Mr. Jones, the next prisoner on the docket, faced a charge of being disrespectful towards staff. When questioned about having a pass, he was alleged to have become abusive and called the officer a "fucking goof" and a "power-tripper." Mr. Jones asked for a remand so that he could speak to his lawyer. Officer Moran replied that lawyers were not allowed in minor court. Mr. Jones then said, "I asked to have a witness and he's not here." At this point Mr. Csoka, who was reading through the documents, stated, "I see why you want to have this case remanded. You've got 30 days over your head, haven't you?" Mr. Csoka told Mr. Jones that he was going to proceed with the case and asked for his plea. Mr. Jones pleaded not guilty. Mr. Csoka said, "Do you have any explanation?" Mr. Jones said no and was then asked to leave the room. During the brief discussion that followed, it was determined that Mr. Jones was guilty of the charge, that he should be fined $5, and that the 30 days' segregation would be automatically activated. Mr. Jones was brought back into the room and told that he would be going to the hole to serve his 30 days. He looked at Mr. Csoka incredulously. Officer Moran took out his handcuffs and said to Mr. Jones, "Do you want me to put these on you, or will you be going quietly?" Mr. Jones, his voice shaking, said, "You had better put them on me as I don't feel quiet right now." Officer Moran then left to escort Mr. Jones to segregation. Mr. Csoka radioed up to say that Mr. Jones was on his way and suggested there be two staff waiting for him because the prisoner might cause some problems.

When Mr. Jones' hearing is reviewed within the legal framework for disciplinary hearings, it is clear he should have been granted an adjournment. Adjournments are a regular feature of hearings for serious charges, and a prisoner's request for an adjournment at a first appearance to consult with counsel or Prisoners' Legal Services is granted by the Independent Chairperson as a matter of course. Although Officer Moran was correct in stating that the right to be represented by counsel is recognized in the CCR Regulations only for hearings on serious charges, this does not apply to the issue of seeking an adjournment to consult with counsel in order to prepare a proper answer and defence to a disciplinary charge. Mr. Jones' hearing also proceeded in violation of the CCR Regulations and the Commissioner's Directives. A decision was made about his guilt in the absence of evidence presented by the charging officer and without giving Mr. Jones an opportunity to question witnesses, and he was not allowed to make any submission regarding the appropriate sentence.

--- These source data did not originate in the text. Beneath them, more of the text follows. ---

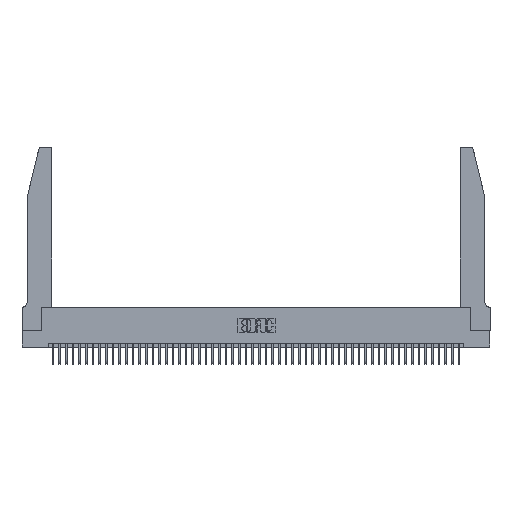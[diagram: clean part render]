
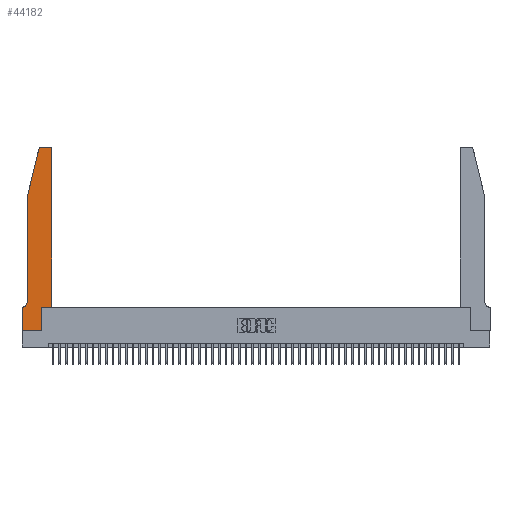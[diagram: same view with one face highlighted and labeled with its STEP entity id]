
A CAD part, top view. The second image highlights one B-rep face of the part: STEP entity #44182.
In plain terms, the highlighted planar face has unit normal (0, 0, 1).
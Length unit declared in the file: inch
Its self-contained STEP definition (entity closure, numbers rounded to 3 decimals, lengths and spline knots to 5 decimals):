
#1547 = PLANE ( 'NONE',  #17777 ) ;
#3043 = LINE ( 'NONE', #42244, #23439 ) ;
#3116 = CIRCLE ( 'NONE', #3607, 0.03 ) ;
#3160 = EDGE_CURVE ( 'NONE', #4740, #21057, #6899, .T. ) ;
#3607 = AXIS2_PLACEMENT_3D ( 'NONE', #41713, #17576, #45736 ) ;
#3882 = CARTESIAN_POINT ( 'NONE',  ( 0.0055, 0.42, 0.37 ) ) ;
#4214 = ORIENTED_EDGE ( 'NONE', *, *, #43489, .T. ) ;
#4740 = VERTEX_POINT ( 'NONE', #51470 ) ;
#4988 = CARTESIAN_POINT ( 'NONE',  ( 0.0755, 2., 0.37 ) ) ;
#5063 = CARTESIAN_POINT ( 'NONE',  ( 0.4205, 2.72, 0.37 ) ) ;
#5588 = EDGE_CURVE ( 'NONE', #50053, #13851, #9840, .T. ) ;
#5922 = CARTESIAN_POINT ( 'NONE',  ( 0., 0., 0.37 ) ) ;
#6563 = ORIENTED_EDGE ( 'NONE', *, *, #19056, .T. ) ;
#6899 = LINE ( 'NONE', #4988, #48584 ) ;
#7964 = EDGE_CURVE ( 'NONE', #21057, #50053, #21039, .T. ) ;
#8021 = DIRECTION ( 'NONE',  ( -1., 0., 0. ) ) ;
#8518 = CARTESIAN_POINT ( 'NONE',  ( 0.4205, 2.75, 0.37 ) ) ;
#9019 = CARTESIAN_POINT ( 'NONE',  ( 0.0755, 2., 0.37 ) ) ;
#9207 = DIRECTION ( 'NONE',  ( 1., 0., 0. ) ) ;
#9606 = VERTEX_POINT ( 'NONE', #27539 ) ;
#9746 = ORIENTED_EDGE ( 'NONE', *, *, #13148, .T. ) ;
#9840 = CIRCLE ( 'NONE', #47736, 0.07 ) ;
#10083 = DIRECTION ( 'NONE',  ( 0., -1., 0. ) ) ;
#10372 = CARTESIAN_POINT ( 'NONE',  ( 0.0755, 2., 0.37 ) ) ;
#10730 = EDGE_CURVE ( 'NONE', #9606, #41748, #44127, .T. ) ;
#13148 = EDGE_CURVE ( 'NONE', #31401, #34079, #38856, .T. ) ;
#13309 = AXIS2_PLACEMENT_3D ( 'NONE', #5063, #33468, #9207 ) ;
#13851 = VERTEX_POINT ( 'NONE', #15670 ) ;
#15087 = EDGE_CURVE ( 'NONE', #23137, #17509, #3043, .T. ) ;
#15670 = CARTESIAN_POINT ( 'NONE',  ( 0.0055, 0.35, 0.37 ) ) ;
#15936 = ORIENTED_EDGE ( 'NONE', *, *, #26399, .T. ) ;
#16073 = FACE_OUTER_BOUND ( 'NONE', #45132, .T. ) ;
#16748 = DIRECTION ( 'NONE',  ( 1., 0., 0. ) ) ;
#16780 = VECTOR ( 'NONE', #50066, 39.37008 ) ;
#17509 = VERTEX_POINT ( 'NONE', #17537 ) ;
#17537 = CARTESIAN_POINT ( 'NONE',  ( 0.284, 2.75, 0.37 ) ) ;
#17576 = DIRECTION ( 'NONE',  ( 0., 0., 1. ) ) ;
#17777 = AXIS2_PLACEMENT_3D ( 'NONE', #18006, #46173, #22098 ) ;
#18006 = CARTESIAN_POINT ( 'NONE',  ( 0., 0.35, 0.37 ) ) ;
#18130 = DIRECTION ( 'NONE',  ( -1., 0., 0. ) ) ;
#18529 = VECTOR ( 'NONE', #33103, 39.37008 ) ;
#18782 = VECTOR ( 'NONE', #22914, 39.37008 ) ;
#18865 = CARTESIAN_POINT ( 'NONE',  ( 0.0755, 0.35, 0.37 ) ) ;
#19056 = EDGE_CURVE ( 'NONE', #34079, #23137, #40733, .T. ) ;
#19069 = CARTESIAN_POINT ( 'NONE',  ( 0.2865, 0.35, 0.37 ) ) ;
#19283 = CARTESIAN_POINT ( 'NONE',  ( 0.4505, 0.35, 0.37 ) ) ;
#19963 = VECTOR ( 'NONE', #31456, 39.37008 ) ;
#20686 = DIRECTION ( 'NONE',  ( 1., 0., 0. ) ) ;
#20693 = LINE ( 'NONE', #24691, #51482 ) ;
#21039 = LINE ( 'NONE', #9019, #18529 ) ;
#21057 = VERTEX_POINT ( 'NONE', #10372 ) ;
#21203 = ORIENTED_EDGE ( 'NONE', *, *, #15087, .T. ) ;
#22098 = DIRECTION ( 'NONE',  ( 1., 0., 0. ) ) ;
#22103 = CARTESIAN_POINT ( 'NONE',  ( 0.4505, 0.35, 0.37 ) ) ;
#22914 = DIRECTION ( 'NONE',  ( -1., 0., 0. ) ) ;
#23137 = VERTEX_POINT ( 'NONE', #8518 ) ;
#23439 = VECTOR ( 'NONE', #18130, 39.37008 ) ;
#23667 = ORIENTED_EDGE ( 'NONE', *, *, #5588, .T. ) ;
#23991 = VECTOR ( 'NONE', #10083, 39.37008 ) ;
#24427 = LINE ( 'NONE', #18865, #18782 ) ;
#24691 = CARTESIAN_POINT ( 'NONE',  ( 0.4505, 0.35, 0.37 ) ) ;
#26399 = EDGE_CURVE ( 'NONE', #41748, #27759, #47311, .T. ) ;
#26952 = ORIENTED_EDGE ( 'NONE', *, *, #42515, .T. ) ;
#27539 = CARTESIAN_POINT ( 'NONE',  ( 0., 0.35, 0.37 ) ) ;
#27562 = ORIENTED_EDGE ( 'NONE', *, *, #7964, .T. ) ;
#27759 = VERTEX_POINT ( 'NONE', #38398 ) ;
#31401 = VERTEX_POINT ( 'NONE', #22103 ) ;
#31456 = DIRECTION ( 'NONE',  ( 0., 1., 0. ) ) ;
#32311 = DIRECTION ( 'NONE',  ( 0., 0., -1. ) ) ;
#32688 = CARTESIAN_POINT ( 'NONE',  ( 0., 0., 0.37 ) ) ;
#33103 = DIRECTION ( 'NONE',  ( 0., -1., 0. ) ) ;
#33468 = DIRECTION ( 'NONE',  ( 0., 0., 1. ) ) ;
#34079 = VERTEX_POINT ( 'NONE', #43586 ) ;
#35874 = ORIENTED_EDGE ( 'NONE', *, *, #3160, .T. ) ;
#36239 = CARTESIAN_POINT ( 'NONE',  ( 0., 0., 0.37 ) ) ;
#37450 = DIRECTION ( 'NONE',  ( -0.239, -0.971, 0. ) ) ;
#38398 = CARTESIAN_POINT ( 'NONE',  ( 0.2865, 0., 0.37 ) ) ;
#38856 = LINE ( 'NONE', #19283, #19963 ) ;
#39426 = EDGE_CURVE ( 'NONE', #17509, #4740, #3116, .T. ) ;
#40733 = CIRCLE ( 'NONE', #13309, 0.03 ) ;
#41713 = CARTESIAN_POINT ( 'NONE',  ( 0.284, 2.72, 0.37 ) ) ;
#41748 = VERTEX_POINT ( 'NONE', #36239 ) ;
#41774 = ORIENTED_EDGE ( 'NONE', *, *, #39426, .T. ) ;
#41908 = ORIENTED_EDGE ( 'NONE', *, *, #10730, .T. ) ;
#42013 = CARTESIAN_POINT ( 'NONE',  ( 0.2865, 0.35, 0.37 ) ) ;
#42244 = CARTESIAN_POINT ( 'NONE',  ( 0.2605, 2.75, 0.37 ) ) ;
#42515 = EDGE_CURVE ( 'NONE', #49338, #31401, #20693, .T. ) ;
#42890 = EDGE_CURVE ( 'NONE', #13851, #9606, #24427, .T. ) ;
#43489 = EDGE_CURVE ( 'NONE', #27759, #49338, #50129, .T. ) ;
#43586 = CARTESIAN_POINT ( 'NONE',  ( 0.4505, 2.72, 0.37 ) ) ;
#44127 = LINE ( 'NONE', #5922, #23991 ) ;
#44182 = ADVANCED_FACE ( 'NONE', ( #16073 ), #1547, .T. ) ;
#45132 = EDGE_LOOP ( 'NONE', ( #21203, #41774, #35874, #27562, #23667, #50192, #41908, #15936, #4214, #26952, #9746, #6563 ) ) ;
#45736 = DIRECTION ( 'NONE',  ( 1., 0., 0. ) ) ;
#46043 = VECTOR ( 'NONE', #20686, 39.37008 ) ;
#46173 = DIRECTION ( 'NONE',  ( 0., 0., 1. ) ) ;
#47311 = LINE ( 'NONE', #32688, #46043 ) ;
#47736 = AXIS2_PLACEMENT_3D ( 'NONE', #3882, #32311, #8021 ) ;
#48584 = VECTOR ( 'NONE', #37450, 39.37008 ) ;
#49338 = VERTEX_POINT ( 'NONE', #19069 ) ;
#50053 = VERTEX_POINT ( 'NONE', #52018 ) ;
#50066 = DIRECTION ( 'NONE',  ( 0., 1., 0. ) ) ;
#50129 = LINE ( 'NONE', #42013, #16780 ) ;
#50192 = ORIENTED_EDGE ( 'NONE', *, *, #42890, .T. ) ;
#51470 = CARTESIAN_POINT ( 'NONE',  ( 0.25487, 2.72718, 0.37 ) ) ;
#51482 = VECTOR ( 'NONE', #16748, 39.37008 ) ;
#52018 = CARTESIAN_POINT ( 'NONE',  ( 0.0755, 0.42, 0.37 ) ) ;

A vast distance between legal principle and administrative practice was further demonstrated when Mr. Lloyd's case was considered. Mr. Lloyd faced two charges of being abusive and disrespectful to a staff member, contrary to s. 40(f). In the first offence report, the allegation was that he was yelling out his cell to the officer in the bubble and then came up to the bubble and pounded on it, calling the officer an "f-ing cunt." Mr. Lloyd pleaded not guilty and said the guard in the bubble was being an asshole. Mr. Csoka responded, "Do you remember me last week in Segregation Review? You gave us a different explanation there. You said you didn't mean it, you were sorry and you just lost your cool." (After the incident in question, Mr. Lloyd had been taken to segregation; he was there for three days until he appeared before the Segregation Review Board, which recommended that he be released.)

Mr. Lloyd was then asked to leave the room. One of the officers reported that Mr. Lloyd was always abusive to staff and had a real attitude problem. His file showed four previous minor charges; he had received warnings on two of them, a fine of $5 for a contraband tattoo gun, and three nights' lock-up on his last appearance. The recommendation this time around was that he be given a fine of $10. When Mr. Lloyd was brought back into the room and told he was being sentenced to a $10 fine, he responded, "I don't want the fine. I did three days in the hole for this and that should be enough. I've just got back to work and I've got no money. Do you want me to go back doing tattooing? I've been keeping out of that. I just can't take the fine."